> **Work task**:
Beginning with the line below that contains "#187=PLANE('',#186);" and ending with the line that contains "#196=DIRECTION('',(0.,-1.,0.));", copy every line exactly. Copy nothing else.

(Given records Opens)

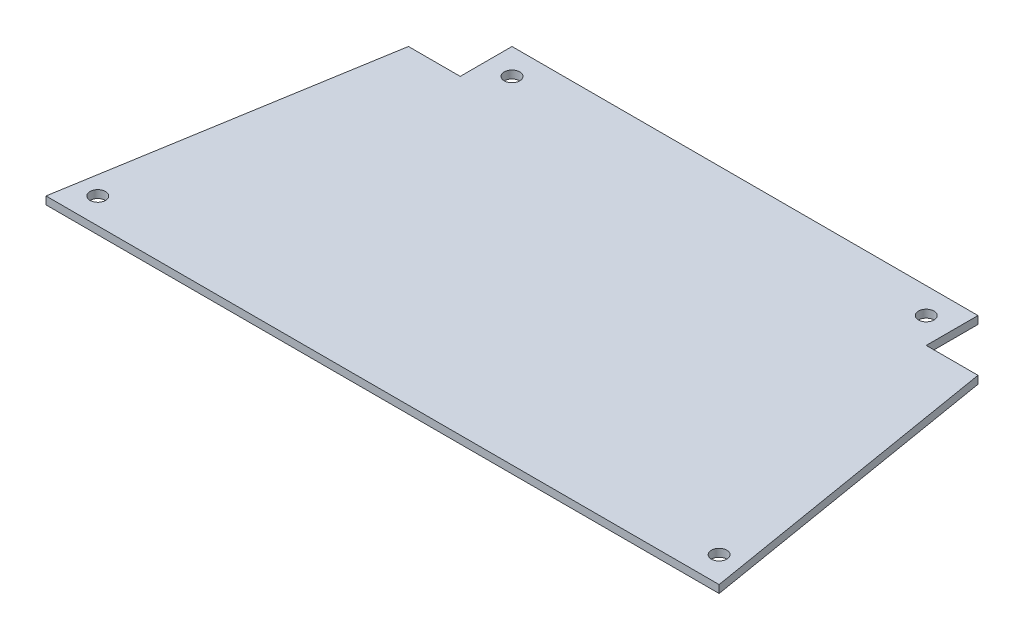
ISO-10303-21;
HEADER;
FILE_DESCRIPTION(('STEP AP214'),'2;1');
FILE_NAME('part.step','',(''),(''),'','','');
FILE_SCHEMA(('AUTOMOTIVE_DESIGN { 1 0 10303 214 1 1 1 1 }'));
ENDSEC;
DATA;
#1=APPLICATION_CONTEXT('core data for automotive mechanical design processes');
#2=APPLICATION_PROTOCOL_DEFINITION('international standard','automotive_design',2000,#1);
#3=PRODUCT_CONTEXT('',#1,'mechanical');
#4=PRODUCT('Part','Part','',(#3));
#5=PRODUCT_RELATED_PRODUCT_CATEGORY('part','',(#4));
#6=PRODUCT_DEFINITION_FORMATION('','',#4);
#7=PRODUCT_DEFINITION_CONTEXT('part definition',#1,'design');
#8=PRODUCT_DEFINITION('design','',#6,#7);
#9=PRODUCT_DEFINITION_SHAPE('','',#8);
#10=(LENGTH_UNIT() NAMED_UNIT(*) SI_UNIT(.MILLI.,.METRE.));
#11=(NAMED_UNIT(*) PLANE_ANGLE_UNIT() SI_UNIT($,.RADIAN.));
#12=(NAMED_UNIT(*) SI_UNIT($,.STERADIAN.) SOLID_ANGLE_UNIT());
#13=UNCERTAINTY_MEASURE_WITH_UNIT(LENGTH_MEASURE(1.E-05),#10,'distance_accuracy_value','');
#14=(GEOMETRIC_REPRESENTATION_CONTEXT(3) GLOBAL_UNCERTAINTY_ASSIGNED_CONTEXT((#13)) GLOBAL_UNIT_ASSIGNED_CONTEXT((#10,
#11,#12)) REPRESENTATION_CONTEXT('',''));
#15=CARTESIAN_POINT('',(0.,0.,0.));
#16=DIRECTION('',(0.,0.,1.));
#17=DIRECTION('',(1.,0.,0.));
#18=AXIS2_PLACEMENT_3D('',#15,#16,#17);
#19=CARTESIAN_POINT('',(10.,1.5,-60.));
#20=DIRECTION('',(0.986393923832144,0.,0.164398987305357));
#21=DIRECTION('',(0.164398987305357,0.,-0.986393923832144));
#22=AXIS2_PLACEMENT_3D('',#19,#20,#21);
#23=PLANE('',#22);
#24=DIRECTION('',(-0.164398987305357,0.,0.986393923832144));
#25=VECTOR('',#24,1.);
#26=CARTESIAN_POINT('',(10.,0.,-60.));
#27=LINE('',#26,#25);
#28=CARTESIAN_POINT('',(10.,0.,-60.));
#29=VERTEX_POINT('',#28);
#30=CARTESIAN_POINT('',(0.,0.,0.));
#31=VERTEX_POINT('',#30);
#32=EDGE_CURVE('E130',#29,#31,#27,.T.);
#33=ORIENTED_EDGE('',*,*,#32,.T.);
#34=DIRECTION('',(0.,-1.,0.));
#35=VECTOR('',#34,1.);
#36=CARTESIAN_POINT('',(0.,1.5,0.));
#37=LINE('',#36,#35);
#38=CARTESIAN_POINT('',(0.,1.5,0.));
#39=VERTEX_POINT('',#38);
#40=EDGE_CURVE('E11',#39,#31,#37,.T.);
#41=ORIENTED_EDGE('',*,*,#40,.F.);
#42=DIRECTION('',(-0.164398987305357,0.,0.986393923832144));
#43=VECTOR('',#42,1.);
#44=CARTESIAN_POINT('',(10.,1.5,-60.));
#45=LINE('',#44,#43);
#46=CARTESIAN_POINT('',(10.,1.5,-60.));
#47=VERTEX_POINT('',#46);
#48=EDGE_CURVE('E145',#47,#39,#45,.T.);
#49=ORIENTED_EDGE('',*,*,#48,.F.);
#50=DIRECTION('',(0.,-1.,0.));
#51=VECTOR('',#50,1.);
#52=CARTESIAN_POINT('',(10.,1.5,-60.));
#53=LINE('',#52,#51);
#54=EDGE_CURVE('E126',#47,#29,#53,.T.);
#55=ORIENTED_EDGE('',*,*,#54,.T.);
#56=EDGE_LOOP('',(#33,#41,#49,#55));
#57=FACE_BOUND('',#56,.T.);
#58=ADVANCED_FACE('F32',(#57),#23,.F.);
#59=CARTESIAN_POINT('',(0.,1.5,0.));
#60=DIRECTION('',(0.,0.,-1.));
#61=DIRECTION('',(-1.,0.,0.));
#62=AXIS2_PLACEMENT_3D('',#59,#60,#61);
#63=PLANE('',#62);
#64=DIRECTION('',(1.,0.,0.));
#65=VECTOR('',#64,1.);
#66=CARTESIAN_POINT('',(0.,0.,0.));
#67=LINE('',#66,#65);
#68=CARTESIAN_POINT('',(130.,0.,0.));
#69=VERTEX_POINT('',#68);
#70=EDGE_CURVE('E133',#31,#69,#67,.T.);
#71=ORIENTED_EDGE('',*,*,#70,.T.);
#72=DIRECTION('',(0.,-1.,0.));
#73=VECTOR('',#72,1.);
#74=CARTESIAN_POINT('',(130.,1.5,0.));
#75=LINE('',#74,#73);
#76=CARTESIAN_POINT('',(130.,1.5,0.));
#77=VERTEX_POINT('',#76);
#78=EDGE_CURVE('E41',#77,#69,#75,.T.);
#79=ORIENTED_EDGE('',*,*,#78,.F.);
#80=DIRECTION('',(1.,0.,0.));
#81=VECTOR('',#80,1.);
#82=CARTESIAN_POINT('',(0.,1.5,0.));
#83=LINE('',#82,#81);
#84=EDGE_CURVE('E93',#39,#77,#83,.T.);
#85=ORIENTED_EDGE('',*,*,#84,.F.);
#86=ORIENTED_EDGE('',*,*,#40,.T.);
#87=EDGE_LOOP('',(#71,#79,#85,#86));
#88=FACE_BOUND('',#87,.T.);
#89=ADVANCED_FACE('F212',(#88),#63,.F.);
#90=CARTESIAN_POINT('',(130.,1.5,0.));
#91=DIRECTION('',(-0.986393923832144,0.,0.164398987305357));
#92=DIRECTION('',(0.164398987305357,0.,0.986393923832144));
#93=AXIS2_PLACEMENT_3D('',#90,#91,#92);
#94=PLANE('',#93);
#95=DIRECTION('',(-0.164398987305357,0.,-0.986393923832144));
#96=VECTOR('',#95,1.);
#97=CARTESIAN_POINT('',(130.,0.,0.));
#98=LINE('',#97,#96);
#99=CARTESIAN_POINT('',(120.,0.,-60.));
#100=VERTEX_POINT('',#99);
#101=EDGE_CURVE('E136',#69,#100,#98,.T.);
#102=ORIENTED_EDGE('',*,*,#101,.T.);
#103=DIRECTION('',(0.,-1.,0.));
#104=VECTOR('',#103,1.);
#105=CARTESIAN_POINT('',(120.,1.5,-60.));
#106=LINE('',#105,#104);
#107=CARTESIAN_POINT('',(120.,1.5,-60.));
#108=VERTEX_POINT('',#107);
#109=EDGE_CURVE('E152',#108,#100,#106,.T.);
#110=ORIENTED_EDGE('',*,*,#109,.F.);
#111=DIRECTION('',(-0.164398987305357,0.,-0.986393923832144));
#112=VECTOR('',#111,1.);
#113=CARTESIAN_POINT('',(130.,1.5,0.));
#114=LINE('',#113,#112);
#115=EDGE_CURVE('E180',#77,#108,#114,.T.);
#116=ORIENTED_EDGE('',*,*,#115,.F.);
#117=ORIENTED_EDGE('',*,*,#78,.T.);
#118=EDGE_LOOP('',(#102,#110,#116,#117));
#119=FACE_BOUND('',#118,.T.);
#120=ADVANCED_FACE('F216',(#119),#94,.F.);
#121=CARTESIAN_POINT('',(120.,1.5,-60.));
#122=DIRECTION('',(0.,0.,1.));
#123=DIRECTION('',(1.,0.,0.));
#124=AXIS2_PLACEMENT_3D('',#121,#122,#123);
#125=PLANE('',#124);
#126=DIRECTION('',(-1.,0.,0.));
#127=VECTOR('',#126,1.);
#128=CARTESIAN_POINT('',(120.,0.,-60.));
#129=LINE('',#128,#127);
#130=CARTESIAN_POINT('',(110.,0.,-60.));
#131=VERTEX_POINT('',#130);
#132=EDGE_CURVE('E138',#100,#131,#129,.T.);
#133=ORIENTED_EDGE('',*,*,#132,.T.);
#134=DIRECTION('',(0.,-1.,0.));
#135=VECTOR('',#134,1.);
#136=CARTESIAN_POINT('',(110.,1.5,-60.));
#137=LINE('',#136,#135);
#138=CARTESIAN_POINT('',(110.,1.5,-60.));
#139=VERTEX_POINT('',#138);
#140=EDGE_CURVE('E149',#139,#131,#137,.T.);
#141=ORIENTED_EDGE('',*,*,#140,.F.);
#142=DIRECTION('',(-1.,0.,0.));
#143=VECTOR('',#142,1.);
#144=CARTESIAN_POINT('',(120.,1.5,-60.));
#145=LINE('',#144,#143);
#146=EDGE_CURVE('E182',#108,#139,#145,.T.);
#147=ORIENTED_EDGE('',*,*,#146,.F.);
#148=ORIENTED_EDGE('',*,*,#109,.T.);
#149=EDGE_LOOP('',(#133,#141,#147,#148));
#150=FACE_BOUND('',#149,.T.);
#151=ADVANCED_FACE('F188',(#150),#125,.F.);
#152=CARTESIAN_POINT('',(110.,1.5,-60.));
#153=DIRECTION('',(-1.,0.,0.));
#154=DIRECTION('',(0.,0.,1.));
#155=AXIS2_PLACEMENT_3D('',#152,#153,#154);
#156=PLANE('',#155);
#157=DIRECTION('',(0.,0.,-1.));
#158=VECTOR('',#157,1.);
#159=CARTESIAN_POINT('',(110.,0.,-60.));
#160=LINE('',#159,#158);
#161=CARTESIAN_POINT('',(110.,0.,-70.));
#162=VERTEX_POINT('',#161);
#163=EDGE_CURVE('E140',#131,#162,#160,.T.);
#164=ORIENTED_EDGE('',*,*,#163,.T.);
#165=DIRECTION('',(0.,-1.,0.));
#166=VECTOR('',#165,1.);
#167=CARTESIAN_POINT('',(110.,1.5,-70.));
#168=LINE('',#167,#166);
#169=CARTESIAN_POINT('',(110.,1.5,-70.));
#170=VERTEX_POINT('',#169);
#171=EDGE_CURVE('E121',#170,#162,#168,.T.);
#172=ORIENTED_EDGE('',*,*,#171,.F.);
#173=DIRECTION('',(0.,0.,-1.));
#174=VECTOR('',#173,1.);
#175=CARTESIAN_POINT('',(110.,1.5,-60.));
#176=LINE('',#175,#174);
#177=EDGE_CURVE('E112',#139,#170,#176,.T.);
#178=ORIENTED_EDGE('',*,*,#177,.F.);
#179=ORIENTED_EDGE('',*,*,#140,.T.);
#180=EDGE_LOOP('',(#164,#172,#178,#179));
#181=FACE_BOUND('',#180,.T.);
#182=ADVANCED_FACE('F192',(#181),#156,.F.);
#183=CARTESIAN_POINT('',(110.,1.5,-70.));
#184=DIRECTION('',(0.,0.,1.));
#185=DIRECTION('',(1.,0.,0.));
#186=AXIS2_PLACEMENT_3D('',#183,#184,#185);
#187=PLANE('',#186);
#188=DIRECTION('',(-1.,0.,0.));
#189=VECTOR('',#188,1.);
#190=CARTESIAN_POINT('',(110.,0.,-70.));
#191=LINE('',#190,#189);
#192=CARTESIAN_POINT('',(20.,0.,-70.));
#193=VERTEX_POINT('',#192);
#194=EDGE_CURVE('E120',#162,#193,#191,.T.);
#195=ORIENTED_EDGE('',*,*,#194,.T.);
#196=DIRECTION('',(0.,-1.,0.));
#197=VECTOR('',#196,1.);
#198=CARTESIAN_POINT('',(20.,1.5,-70.));
#199=LINE('',#198,#197);
#200=CARTESIAN_POINT('',(20.,1.5,-70.));
#201=VERTEX_POINT('',#200);
#202=EDGE_CURVE('E117',#201,#193,#199,.T.);
#203=ORIENTED_EDGE('',*,*,#202,.F.);
#204=DIRECTION('',(-1.,0.,0.));
#205=VECTOR('',#204,1.);
#206=CARTESIAN_POINT('',(110.,1.5,-70.));
#207=LINE('',#206,#205);
#208=EDGE_CURVE('E106',#170,#201,#207,.T.);
#209=ORIENTED_EDGE('',*,*,#208,.F.);
#210=ORIENTED_EDGE('',*,*,#171,.T.);
#211=EDGE_LOOP('',(#195,#203,#209,#210));
#212=FACE_BOUND('',#211,.T.);
#213=ADVANCED_FACE('F118',(#212),#187,.F.);
#214=CARTESIAN_POINT('',(20.,1.5,-70.));
#215=DIRECTION('',(1.,0.,0.));
#216=DIRECTION('',(0.,0.,-1.));
#217=AXIS2_PLACEMENT_3D('',#214,#215,#216);
#218=PLANE('',#217);
#219=DIRECTION('',(0.,0.,1.));
#220=VECTOR('',#219,1.);
#221=CARTESIAN_POINT('',(20.,0.,-70.));
#222=LINE('',#221,#220);
#223=CARTESIAN_POINT('',(20.,0.,-60.));
#224=VERTEX_POINT('',#223);
#225=EDGE_CURVE('E79',#193,#224,#222,.T.);
#226=ORIENTED_EDGE('',*,*,#225,.T.);
#227=DIRECTION('',(0.,-1.,0.));
#228=VECTOR('',#227,1.);
#229=CARTESIAN_POINT('',(20.,1.5,-60.));
#230=LINE('',#229,#228);
#231=CARTESIAN_POINT('',(20.,1.5,-60.));
#232=VERTEX_POINT('',#231);
#233=EDGE_CURVE('E122',#232,#224,#230,.T.);
#234=ORIENTED_EDGE('',*,*,#233,.F.);
#235=DIRECTION('',(0.,0.,1.));
#236=VECTOR('',#235,1.);
#237=CARTESIAN_POINT('',(20.,1.5,-70.));
#238=LINE('',#237,#236);
#239=EDGE_CURVE('E110',#201,#232,#238,.T.);
#240=ORIENTED_EDGE('',*,*,#239,.F.);
#241=ORIENTED_EDGE('',*,*,#202,.T.);
#242=EDGE_LOOP('',(#226,#234,#240,#241));
#243=FACE_BOUND('',#242,.T.);
#244=ADVANCED_FACE('F124',(#243),#218,.F.);
#245=CARTESIAN_POINT('',(20.,1.5,-60.));
#246=DIRECTION('',(0.,0.,1.));
#247=DIRECTION('',(1.,0.,0.));
#248=AXIS2_PLACEMENT_3D('',#245,#246,#247);
#249=PLANE('',#248);
#250=DIRECTION('',(-1.,0.,0.));
#251=VECTOR('',#250,1.);
#252=CARTESIAN_POINT('',(20.,0.,-60.));
#253=LINE('',#252,#251);
#254=EDGE_CURVE('E85',#224,#29,#253,.T.);
#255=ORIENTED_EDGE('',*,*,#254,.T.);
#256=ORIENTED_EDGE('',*,*,#54,.F.);
#257=DIRECTION('',(-1.,0.,0.));
#258=VECTOR('',#257,1.);
#259=CARTESIAN_POINT('',(20.,1.5,-60.));
#260=LINE('',#259,#258);
#261=EDGE_CURVE('E50',#232,#47,#260,.T.);
#262=ORIENTED_EDGE('',*,*,#261,.F.);
#263=ORIENTED_EDGE('',*,*,#233,.T.);
#264=EDGE_LOOP('',(#255,#256,#262,#263));
#265=FACE_BOUND('',#264,.T.);
#266=ADVANCED_FACE('F200',(#265),#249,.F.);
#267=CARTESIAN_POINT('',(0.,1.5,0.));
#268=DIRECTION('',(0.,1.,0.));
#269=DIRECTION('',(0.,0.,1.));
#270=AXIS2_PLACEMENT_3D('',#267,#268,#269);
#271=PLANE('',#270);
#272=CARTESIAN_POINT('',(105.,1.5,-65.));
#273=DIRECTION('',(0.,1.,0.));
#274=DIRECTION('',(0.,0.,1.));
#275=AXIS2_PLACEMENT_3D('',#272,#273,#274);
#276=CIRCLE('',#275,1.5);
#277=CARTESIAN_POINT('',(105.,1.5,-63.5));
#278=VERTEX_POINT('',#277);
#279=EDGE_CURVE('E163',#278,#278,#276,.T.);
#280=ORIENTED_EDGE('',*,*,#279,.F.);
#281=EDGE_LOOP('',(#280));
#282=FACE_BOUND('',#281,.T.);
#283=CARTESIAN_POINT('',(5.,1.5,-5.));
#284=DIRECTION('',(0.,1.,0.));
#285=DIRECTION('',(0.,0.,1.));
#286=AXIS2_PLACEMENT_3D('',#283,#284,#285);
#287=CIRCLE('',#286,1.5);
#288=CARTESIAN_POINT('',(5.,1.5,-3.5));
#289=VERTEX_POINT('',#288);
#290=EDGE_CURVE('E299',#289,#289,#287,.T.);
#291=ORIENTED_EDGE('',*,*,#290,.F.);
#292=EDGE_LOOP('',(#291));
#293=FACE_BOUND('',#292,.T.);
#294=CARTESIAN_POINT('',(125.,1.5,-5.00000000000001));
#295=DIRECTION('',(0.,1.,0.));
#296=DIRECTION('',(0.,0.,1.));
#297=AXIS2_PLACEMENT_3D('',#294,#295,#296);
#298=CIRCLE('',#297,1.5);
#299=CARTESIAN_POINT('',(125.,1.5,-3.50000000000001));
#300=VERTEX_POINT('',#299);
#301=EDGE_CURVE('E176',#300,#300,#298,.T.);
#302=ORIENTED_EDGE('',*,*,#301,.F.);
#303=EDGE_LOOP('',(#302));
#304=FACE_BOUND('',#303,.T.);
#305=CARTESIAN_POINT('',(25.,1.5,-65.));
#306=DIRECTION('',(0.,1.,0.));
#307=DIRECTION('',(0.,0.,1.));
#308=AXIS2_PLACEMENT_3D('',#305,#306,#307);
#309=CIRCLE('',#308,1.5);
#310=CARTESIAN_POINT('',(25.,1.5,-63.5));
#311=VERTEX_POINT('',#310);
#312=EDGE_CURVE('E159',#311,#311,#309,.T.);
#313=ORIENTED_EDGE('',*,*,#312,.F.);
#314=EDGE_LOOP('',(#313));
#315=FACE_BOUND('',#314,.T.);
#316=ORIENTED_EDGE('',*,*,#48,.T.);
#317=ORIENTED_EDGE('',*,*,#84,.T.);
#318=ORIENTED_EDGE('',*,*,#115,.T.);
#319=ORIENTED_EDGE('',*,*,#146,.T.);
#320=ORIENTED_EDGE('',*,*,#177,.T.);
#321=ORIENTED_EDGE('',*,*,#208,.T.);
#322=ORIENTED_EDGE('',*,*,#239,.T.);
#323=ORIENTED_EDGE('',*,*,#261,.T.);
#324=EDGE_LOOP('',(#316,#317,#318,#319,#320,#321,#322,#323));
#325=FACE_BOUND('',#324,.T.);
#326=ADVANCED_FACE('F108',(#282,#293,#304,#315,#325),#271,.T.);
#327=CARTESIAN_POINT('',(0.,0.,0.));
#328=DIRECTION('',(0.,1.,0.));
#329=DIRECTION('',(0.,0.,1.));
#330=AXIS2_PLACEMENT_3D('',#327,#328,#329);
#331=PLANE('',#330);
#332=CARTESIAN_POINT('',(105.,0.,-65.));
#333=DIRECTION('',(0.,1.,0.));
#334=DIRECTION('',(0.,0.,1.));
#335=AXIS2_PLACEMENT_3D('',#332,#333,#334);
#336=CIRCLE('',#335,1.5);
#337=CARTESIAN_POINT('',(105.,0.,-63.5));
#338=VERTEX_POINT('',#337);
#339=EDGE_CURVE('E35',#338,#338,#336,.T.);
#340=ORIENTED_EDGE('',*,*,#339,.T.);
#341=EDGE_LOOP('',(#340));
#342=FACE_BOUND('',#341,.T.);
#343=CARTESIAN_POINT('',(5.,0.,-5.));
#344=DIRECTION('',(0.,1.,0.));
#345=DIRECTION('',(0.,0.,1.));
#346=AXIS2_PLACEMENT_3D('',#343,#344,#345);
#347=CIRCLE('',#346,1.5);
#348=CARTESIAN_POINT('',(5.,0.,-3.5));
#349=VERTEX_POINT('',#348);
#350=EDGE_CURVE('E162',#349,#349,#347,.T.);
#351=ORIENTED_EDGE('',*,*,#350,.T.);
#352=EDGE_LOOP('',(#351));
#353=FACE_BOUND('',#352,.T.);
#354=CARTESIAN_POINT('',(125.,0.,-5.00000000000001));
#355=DIRECTION('',(0.,1.,0.));
#356=DIRECTION('',(0.,0.,1.));
#357=AXIS2_PLACEMENT_3D('',#354,#355,#356);
#358=CIRCLE('',#357,1.5);
#359=CARTESIAN_POINT('',(125.,0.,-3.50000000000001));
#360=VERTEX_POINT('',#359);
#361=EDGE_CURVE('E160',#360,#360,#358,.T.);
#362=ORIENTED_EDGE('',*,*,#361,.T.);
#363=EDGE_LOOP('',(#362));
#364=FACE_BOUND('',#363,.T.);
#365=CARTESIAN_POINT('',(25.,0.,-65.));
#366=DIRECTION('',(0.,1.,0.));
#367=DIRECTION('',(0.,0.,1.));
#368=AXIS2_PLACEMENT_3D('',#365,#366,#367);
#369=CIRCLE('',#368,1.5);
#370=CARTESIAN_POINT('',(25.,0.,-63.5));
#371=VERTEX_POINT('',#370);
#372=EDGE_CURVE('E134',#371,#371,#369,.T.);
#373=ORIENTED_EDGE('',*,*,#372,.T.);
#374=EDGE_LOOP('',(#373));
#375=FACE_BOUND('',#374,.T.);
#376=ORIENTED_EDGE('',*,*,#32,.F.);
#377=ORIENTED_EDGE('',*,*,#254,.F.);
#378=ORIENTED_EDGE('',*,*,#225,.F.);
#379=ORIENTED_EDGE('',*,*,#194,.F.);
#380=ORIENTED_EDGE('',*,*,#163,.F.);
#381=ORIENTED_EDGE('',*,*,#132,.F.);
#382=ORIENTED_EDGE('',*,*,#101,.F.);
#383=ORIENTED_EDGE('',*,*,#70,.F.);
#384=EDGE_LOOP('',(#376,#377,#378,#379,#380,#381,#382,#383));
#385=FACE_BOUND('',#384,.T.);
#386=ADVANCED_FACE('F195',(#342,#353,#364,#375,#385),#331,.F.);
#387=CARTESIAN_POINT('',(25.,-8.5,-65.));
#388=DIRECTION('',(0.,1.,0.));
#389=DIRECTION('',(0.,0.,1.));
#390=AXIS2_PLACEMENT_3D('',#387,#388,#389);
#391=CYLINDRICAL_SURFACE('',#390,1.5);
#392=ORIENTED_EDGE('',*,*,#312,.T.);
#393=EDGE_LOOP('',(#392));
#394=FACE_BOUND('',#393,.T.);
#395=ORIENTED_EDGE('',*,*,#372,.F.);
#396=EDGE_LOOP('',(#395));
#397=FACE_BOUND('',#396,.T.);
#398=ADVANCED_FACE('F255',(#394,#397),#391,.F.);
#399=CARTESIAN_POINT('',(125.,-8.5,-5.00000000000001));
#400=DIRECTION('',(0.,1.,0.));
#401=DIRECTION('',(0.,0.,1.));
#402=AXIS2_PLACEMENT_3D('',#399,#400,#401);
#403=CYLINDRICAL_SURFACE('',#402,1.5);
#404=ORIENTED_EDGE('',*,*,#301,.T.);
#405=EDGE_LOOP('',(#404));
#406=FACE_BOUND('',#405,.T.);
#407=ORIENTED_EDGE('',*,*,#361,.F.);
#408=EDGE_LOOP('',(#407));
#409=FACE_BOUND('',#408,.T.);
#410=ADVANCED_FACE('F263',(#406,#409),#403,.F.);
#411=CARTESIAN_POINT('',(5.,-8.5,-5.));
#412=DIRECTION('',(0.,1.,0.));
#413=DIRECTION('',(0.,0.,1.));
#414=AXIS2_PLACEMENT_3D('',#411,#412,#413);
#415=CYLINDRICAL_SURFACE('',#414,1.5);
#416=ORIENTED_EDGE('',*,*,#290,.T.);
#417=EDGE_LOOP('',(#416));
#418=FACE_BOUND('',#417,.T.);
#419=ORIENTED_EDGE('',*,*,#350,.F.);
#420=EDGE_LOOP('',(#419));
#421=FACE_BOUND('',#420,.T.);
#422=ADVANCED_FACE('F272',(#418,#421),#415,.F.);
#423=CARTESIAN_POINT('',(105.,-8.5,-65.));
#424=DIRECTION('',(0.,1.,0.));
#425=DIRECTION('',(0.,0.,1.));
#426=AXIS2_PLACEMENT_3D('',#423,#424,#425);
#427=CYLINDRICAL_SURFACE('',#426,1.5);
#428=ORIENTED_EDGE('',*,*,#279,.T.);
#429=EDGE_LOOP('',(#428));
#430=FACE_BOUND('',#429,.T.);
#431=ORIENTED_EDGE('',*,*,#339,.F.);
#432=EDGE_LOOP('',(#431));
#433=FACE_BOUND('',#432,.T.);
#434=ADVANCED_FACE('F282',(#430,#433),#427,.F.);
#435=CLOSED_SHELL('',(#58,#89,#120,#151,#182,#213,#244,#266,#326,#386,#398,#410,#422,#434));
#436=MANIFOLD_SOLID_BREP('B2',#435);
#437=ADVANCED_BREP_SHAPE_REPRESENTATION('',(#18,#436),#14);
#438=SHAPE_DEFINITION_REPRESENTATION(#9,#437);
ENDSEC;
END-ISO-10303-21;

(Given records Closes)

> **Exercise result**:
#187=PLANE('',#186);
#188=DIRECTION('',(-1.,0.,0.));
#189=VECTOR('',#188,1.);
#190=CARTESIAN_POINT('',(110.,0.,-70.));
#191=LINE('',#190,#189);
#192=CARTESIAN_POINT('',(20.,0.,-70.));
#193=VERTEX_POINT('',#192);
#194=EDGE_CURVE('E120',#162,#193,#191,.T.);
#195=ORIENTED_EDGE('',*,*,#194,.T.);
#196=DIRECTION('',(0.,-1.,0.));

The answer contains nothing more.